Mike Fillery

Personal information
- Full name: Michael Christopher Fillery
- Date of birth: 17 September 1960 (age 65)
- Place of birth: Mitcham, London, England
- Height: 5 ft 10 in (1.78 m)
- Position: Midfielder

Youth career
- 0000–1978: Chelsea

Senior career*
- Years: Team / Apps / (Gls)
- 1978–1983: Chelsea / 181 / (41)
- 1983–1987: Queens Park Rangers / 97 / (9)
- 1987–1990: Portsmouth / 67 / (6)
- 1990–1992: Oldham Athletic / 2 / (0)
- 1990: → Millwall (loan) / 1 / (0)
- 1991: → Torquay United (loan) / 4 / (0)
- 1992–199?: Crawley Town

International career
- 1976: England Schoolboys / 8 / (6)
- 1978: England Youth / 3 / (0)

= Mike Fillery =

English footballer

Michael Christopher Fillery (born 17 September 1960 in Mitcham, Surrey, UK) is an English former professional footballer who played for Chelsea, Queens Park Rangers, Portsmouth, Oldham Athletic, Millwall and Torquay United as a midfielder during the 1970s, 1980s and 1990s.
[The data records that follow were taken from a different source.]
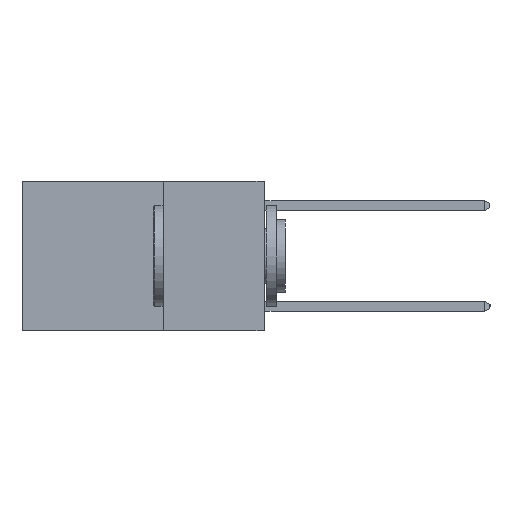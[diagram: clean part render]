
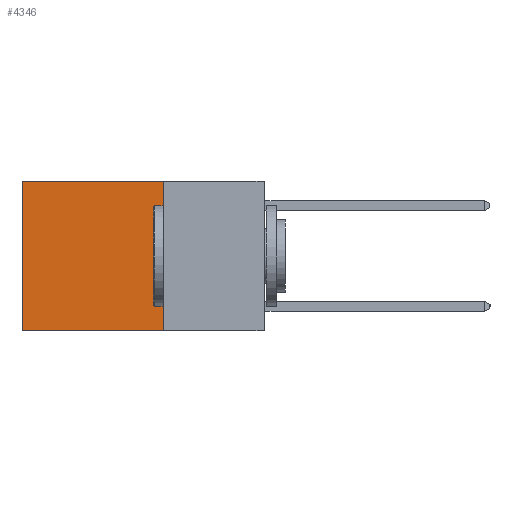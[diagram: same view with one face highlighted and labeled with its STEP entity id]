
A CAD part, left-side view. The second image highlights one B-rep face of the part: STEP entity #4346.
In plain terms, the highlighted planar face has unit normal (-1, 0, 0).
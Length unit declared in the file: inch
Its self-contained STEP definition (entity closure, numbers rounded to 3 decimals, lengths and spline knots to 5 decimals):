
#273 = LINE ( 'NONE', #6829, #2418 ) ;
#440 = EDGE_LOOP ( 'NONE', ( #10818, #9083, #8532, #10730 ) ) ;
#696 = CARTESIAN_POINT ( 'NONE',  ( 0.2625, 0.6, 0. ) ) ;
#1049 = VECTOR ( 'NONE', #3504, 39.37008 ) ;
#1800 = PLANE ( 'NONE',  #2307 ) ;
#2307 = AXIS2_PLACEMENT_3D ( 'NONE', #8114, #9018, #3644 ) ;
#2406 = VECTOR ( 'NONE', #5692, 39.37008 ) ;
#2418 = VECTOR ( 'NONE', #9549, 39.37008 ) ;
#2789 = VERTEX_POINT ( 'NONE', #3888 ) ;
#3504 = DIRECTION ( 'NONE',  ( 0., 0., -1. ) ) ;
#3644 = DIRECTION ( 'NONE',  ( 0., 0., -1. ) ) ;
#3888 = CARTESIAN_POINT ( 'NONE',  ( 0.2625, 0.25, -0.37 ) ) ;
#4155 = DIRECTION ( 'NONE',  ( 0., 0., -1. ) ) ;
#4346 = ADVANCED_FACE ( 'NONE', ( #10606 ), #1800, .F. ) ;
#4493 = VERTEX_POINT ( 'NONE', #11077 ) ;
#4801 = CARTESIAN_POINT ( 'NONE',  ( 0.2625, 0.25, -0.37 ) ) ;
#4871 = LINE ( 'NONE', #4801, #2406 ) ;
#4965 = VECTOR ( 'NONE', #4155, 39.37008 ) ;
#5692 = DIRECTION ( 'NONE',  ( 0., 1., 0. ) ) ;
#5932 = LINE ( 'NONE', #696, #1049 ) ;
#6305 = EDGE_CURVE ( 'NONE', #11323, #2789, #7295, .T. ) ;
#6829 = CARTESIAN_POINT ( 'NONE',  ( 0.2625, 0.25, 0. ) ) ;
#7295 = LINE ( 'NONE', #8602, #4965 ) ;
#8076 = EDGE_CURVE ( 'NONE', #11323, #10137, #273, .T. ) ;
#8114 = CARTESIAN_POINT ( 'NONE',  ( 0.2625, 0.25, 0. ) ) ;
#8518 = EDGE_CURVE ( 'NONE', #2789, #4493, #4871, .T. ) ;
#8532 = ORIENTED_EDGE ( 'NONE', *, *, #6305, .F. ) ;
#8602 = CARTESIAN_POINT ( 'NONE',  ( 0.2625, 0.25, 0. ) ) ;
#9018 = DIRECTION ( 'NONE',  ( 1., 0., 0. ) ) ;
#9083 = ORIENTED_EDGE ( 'NONE', *, *, #8518, .F. ) ;
#9147 = CARTESIAN_POINT ( 'NONE',  ( 0.2625, 0.25, 0. ) ) ;
#9549 = DIRECTION ( 'NONE',  ( 0., 1., 0. ) ) ;
#10137 = VERTEX_POINT ( 'NONE', #10294 ) ;
#10294 = CARTESIAN_POINT ( 'NONE',  ( 0.2625, 0.6, 0. ) ) ;
#10606 = FACE_OUTER_BOUND ( 'NONE', #440, .T. ) ;
#10730 = ORIENTED_EDGE ( 'NONE', *, *, #8076, .T. ) ;
#10818 = ORIENTED_EDGE ( 'NONE', *, *, #11033, .T. ) ;
#11033 = EDGE_CURVE ( 'NONE', #10137, #4493, #5932, .T. ) ;
#11077 = CARTESIAN_POINT ( 'NONE',  ( 0.2625, 0.6, -0.37 ) ) ;
#11323 = VERTEX_POINT ( 'NONE', #9147 ) ;

Fillery was Chelsea player of the year in 1982.

==Career==
Mike Fillery signed professional forms for Chelsea in August 1978. This stylish midfielder played many fine games for Chelsea, though sometimes inconsistent, during a difficult and troubled period for Chelsea Football Club. Mike Fillery was Chelsea Player of the Year in 1982 and also won the Chelsea Official Supporter's Club award in the same year. He was transferred to Queens Park Rangers nearby in West London in August 1983 for £200,000.

Fillery was the last Chelsea youth team product to score 10 or more goals in back-to-back seasons until Tammy Abraham achieved the feat during the 2020–21 season.